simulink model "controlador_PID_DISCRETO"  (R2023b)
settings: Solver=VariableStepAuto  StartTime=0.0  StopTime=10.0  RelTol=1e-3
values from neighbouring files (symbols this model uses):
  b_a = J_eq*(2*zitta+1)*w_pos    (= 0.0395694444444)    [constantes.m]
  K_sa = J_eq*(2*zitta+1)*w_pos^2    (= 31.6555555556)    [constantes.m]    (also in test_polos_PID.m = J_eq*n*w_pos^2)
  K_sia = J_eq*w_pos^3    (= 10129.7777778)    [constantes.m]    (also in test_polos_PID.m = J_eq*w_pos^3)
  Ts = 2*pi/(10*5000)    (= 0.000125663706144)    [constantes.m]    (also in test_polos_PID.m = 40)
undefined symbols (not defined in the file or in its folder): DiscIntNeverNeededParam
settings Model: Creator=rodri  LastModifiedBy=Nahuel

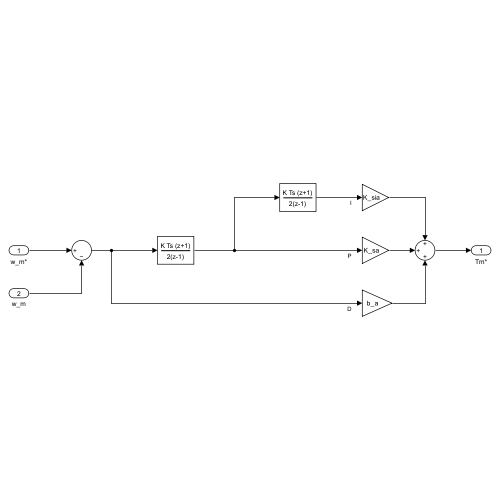
[thumbnail: Simulink's stored preview of the top-level diagram]
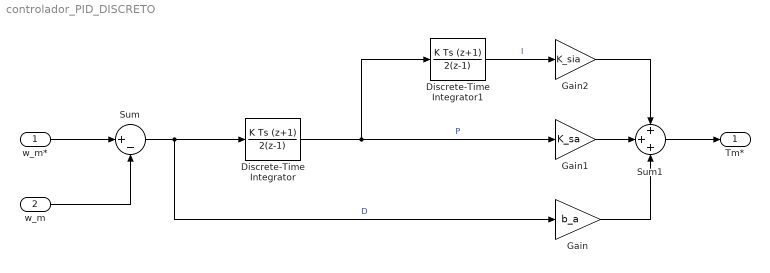
== system controlador_PID_DISCRETO ==
  w_m* : Inport
  w_m : Inport  Port=2
  Discrete-Time Integrator : DiscreteIntegrator  IntegratorMethod=Integration: Trapezoidal  SampleTime=Ts  ICPrevOutput=DiscIntNeverNeededParam  ICPrevScaledInput=DiscIntNeverNeededParam
  Discrete-Time Integrator1 : DiscreteIntegrator  IntegratorMethod=Integration: Trapezoidal  SampleTime=Ts  ICPrevOutput=DiscIntNeverNeededParam  ICPrevScaledInput=DiscIntNeverNeededParam
  Gain : Gain  Gain=b_a
  Gain1 : Gain  Gain=K_sa
  Gain2 : Gain  Gain=K_sia
  Sum : Sum  Inputs=|+-
  Sum1 : Sum  Inputs=+++
  Tm* : Outport
  wires:
  w_m*/1 -> Sum/1
  w_m/1 -> Sum/2
  Sum/1 -> Discrete-Time Integrator/1, Gain/1  "D"
  Gain2/1 -> Sum1/1
  Gain1/1 -> Sum1/2
  Gain/1 -> Sum1/3
  Sum1/1 -> Tm*/1
  Discrete-Time Integrator/1 -> Discrete-Time Integrator1/1, Gain1/1  "P"
  Discrete-Time Integrator1/1 -> Gain2/1  "I"
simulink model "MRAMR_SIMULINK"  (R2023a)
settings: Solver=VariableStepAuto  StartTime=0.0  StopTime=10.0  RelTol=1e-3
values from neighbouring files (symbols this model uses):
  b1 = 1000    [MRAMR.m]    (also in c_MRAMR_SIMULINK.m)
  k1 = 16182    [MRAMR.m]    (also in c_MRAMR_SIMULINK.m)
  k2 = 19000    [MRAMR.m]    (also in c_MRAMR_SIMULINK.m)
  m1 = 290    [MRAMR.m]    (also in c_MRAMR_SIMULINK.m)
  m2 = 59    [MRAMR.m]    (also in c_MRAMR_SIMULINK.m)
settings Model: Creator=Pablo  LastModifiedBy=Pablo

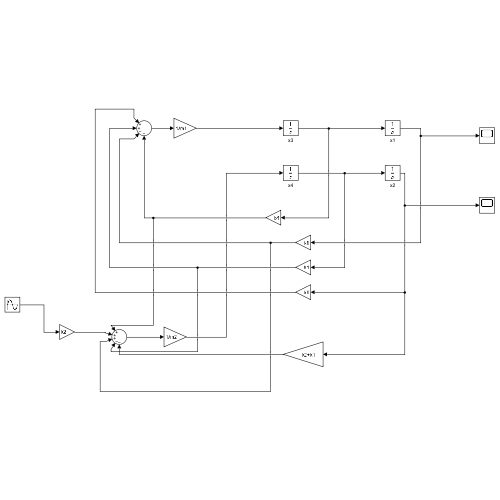
[thumbnail: Simulink's stored preview of the top-level diagram]
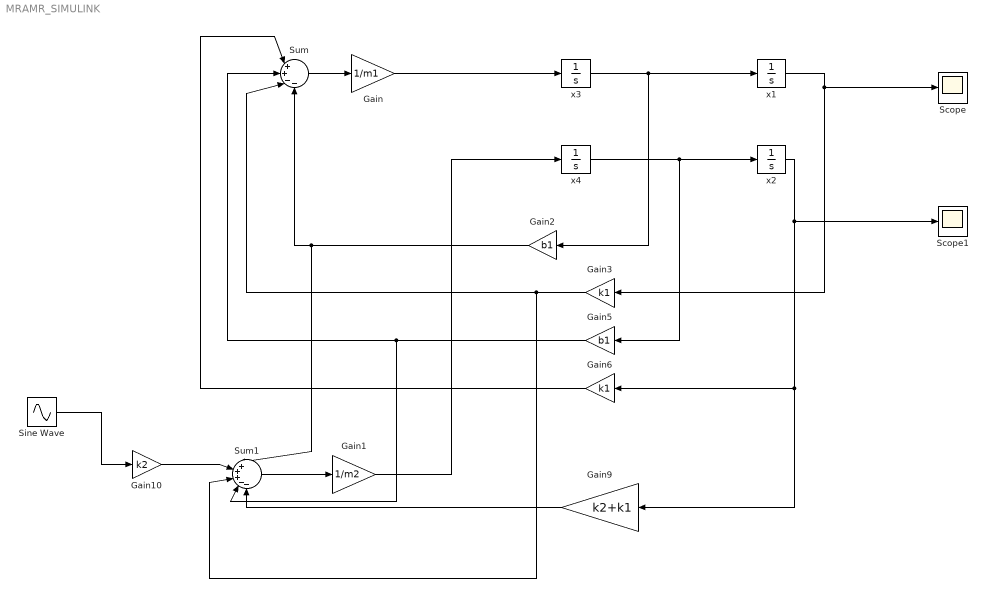
== system MRAMR_SIMULINK ==
  Gain : Gain  Gain=1/m1
  Gain1 : Gain  Gain=1/m2
  Gain10 : Gain  Gain=k2
  Gain2 : Gain  Gain=b1
  Gain3 : Gain  Gain=k1
  Gain5 : Gain  Gain=b1
  Gain6 : Gain  Gain=k1
  Gain9 : Gain  Gain=k2+k1
  Scope : Scope
  Scope1 : Scope
  Sine Wave : Sin  Amplitude=.05  Frequency=.5*pi  SampleTime=0
  Sum : Sum  Inputs=|++--
  Sum1 : Sum  Inputs=|+++--
  x{1..4} (4 alike) : Integrator
  wires:
  Sum/1 -> Gain/1
  Gain5/1 -> Sum1/4, Sum/2
  x1/1 -> Gain3/1, Scope/1
  x2/1 -> Scope1/1, Gain9/1, Gain6/1
  Gain6/1 -> Sum/1
  Gain9/1 -> Sum1/5
  Gain3/1 -> Sum1/3, Sum/3
  Gain2/1 -> Sum/4, Sum1/1
  Sum1/1 -> Gain1/1
  Gain/1 -> x3/1
  x4/1 -> Gain5/1, x2/1
  x3/1 -> x1/1, Gain2/1
  Gain1/1 -> x4/1
  Sine Wave/1 -> Gain10/1
  Gain10/1 -> Sum1/2

★ ★ ★ ★

**Exercise:**
Copy all the entries word for word. Omit any pictures.

**Final answer:**
simulink model "controlador_PID_DISCRETO"  (R2023b)
settings: Solver=VariableStepAuto  StartTime=0.0  StopTime=10.0  RelTol=1e-3
values from neighbouring files (symbols this model uses):
  b_a = J_eq*(2*zitta+1)*w_pos    (= 0.0395694444444)    [constantes.m]
  K_sa = J_eq*(2*zitta+1)*w_pos^2    (= 31.6555555556)    [constantes.m]    (also in test_polos_PID.m = J_eq*n*w_pos^2)
  K_sia = J_eq*w_pos^3    (= 10129.7777778)    [constantes.m]    (also in test_polos_PID.m = J_eq*w_pos^3)
  Ts = 2*pi/(10*5000)    (= 0.000125663706144)    [constantes.m]    (also in test_polos_PID.m = 40)
undefined symbols (not defined in the file or in its folder): DiscIntNeverNeededParam
settings Model: Creator=rodri  LastModifiedBy=Nahuel

[thumbnail: Simulink's stored preview of the top-level diagram]
== system controlador_PID_DISCRETO ==
  w_m* : Inport
  w_m : Inport  Port=2
  Discrete-Time Integrator : DiscreteIntegrator  IntegratorMethod=Integration: Trapezoidal  SampleTime=Ts  ICPrevOutput=DiscIntNeverNeededParam  ICPrevScaledInput=DiscIntNeverNeededParam
  Discrete-Time Integrator1 : DiscreteIntegrator  IntegratorMethod=Integration: Trapezoidal  SampleTime=Ts  ICPrevOutput=DiscIntNeverNeededParam  ICPrevScaledInput=DiscIntNeverNeededParam
  Gain : Gain  Gain=b_a
  Gain1 : Gain  Gain=K_sa
  Gain2 : Gain  Gain=K_sia
  Sum : Sum  Inputs=|+-
  Sum1 : Sum  Inputs=+++
  Tm* : Outport
  wires:
  w_m*/1 -> Sum/1
  w_m/1 -> Sum/2
  Sum/1 -> Discrete-Time Integrator/1, Gain/1  "D"
  Gain2/1 -> Sum1/1
  Gain1/1 -> Sum1/2
  Gain/1 -> Sum1/3
  Sum1/1 -> Tm*/1
  Discrete-Time Integrator/1 -> Discrete-Time Integrator1/1, Gain1/1  "P"
  Discrete-Time Integrator1/1 -> Gain2/1  "I"
simulink model "MRAMR_SIMULINK"  (R2023a)
settings: Solver=VariableStepAuto  StartTime=0.0  StopTime=10.0  RelTol=1e-3
values from neighbouring files (symbols this model uses):
  b1 = 1000    [MRAMR.m]    (also in c_MRAMR_SIMULINK.m)
  k1 = 16182    [MRAMR.m]    (also in c_MRAMR_SIMULINK.m)
  k2 = 19000    [MRAMR.m]    (also in c_MRAMR_SIMULINK.m)
  m1 = 290    [MRAMR.m]    (also in c_MRAMR_SIMULINK.m)
  m2 = 59    [MRAMR.m]    (also in c_MRAMR_SIMULINK.m)
settings Model: Creator=Pablo  LastModifiedBy=Pablo

[thumbnail: Simulink's stored preview of the top-level diagram]
== system MRAMR_SIMULINK ==
  Gain : Gain  Gain=1/m1
  Gain1 : Gain  Gain=1/m2
  Gain10 : Gain  Gain=k2
  Gain2 : Gain  Gain=b1
  Gain3 : Gain  Gain=k1
  Gain5 : Gain  Gain=b1
  Gain6 : Gain  Gain=k1
  Gain9 : Gain  Gain=k2+k1
  Scope : Scope
  Scope1 : Scope
  Sine Wave : Sin  Amplitude=.05  Frequency=.5*pi  SampleTime=0
  Sum : Sum  Inputs=|++--
  Sum1 : Sum  Inputs=|+++--
  x{1..4} (4 alike) : Integrator
  wires:
  Sum/1 -> Gain/1
  Gain5/1 -> Sum1/4, Sum/2
  x1/1 -> Gain3/1, Scope/1
  x2/1 -> Scope1/1, Gain9/1, Gain6/1
  Gain6/1 -> Sum/1
  Gain9/1 -> Sum1/5
  Gain3/1 -> Sum1/3, Sum/3
  Gain2/1 -> Sum/4, Sum1/1
  Sum1/1 -> Gain1/1
  Gain/1 -> x3/1
  x4/1 -> Gain5/1, x2/1
  x3/1 -> x1/1, Gain2/1
  Gain1/1 -> x4/1
  Sine Wave/1 -> Gain10/1
  Gain10/1 -> Sum1/2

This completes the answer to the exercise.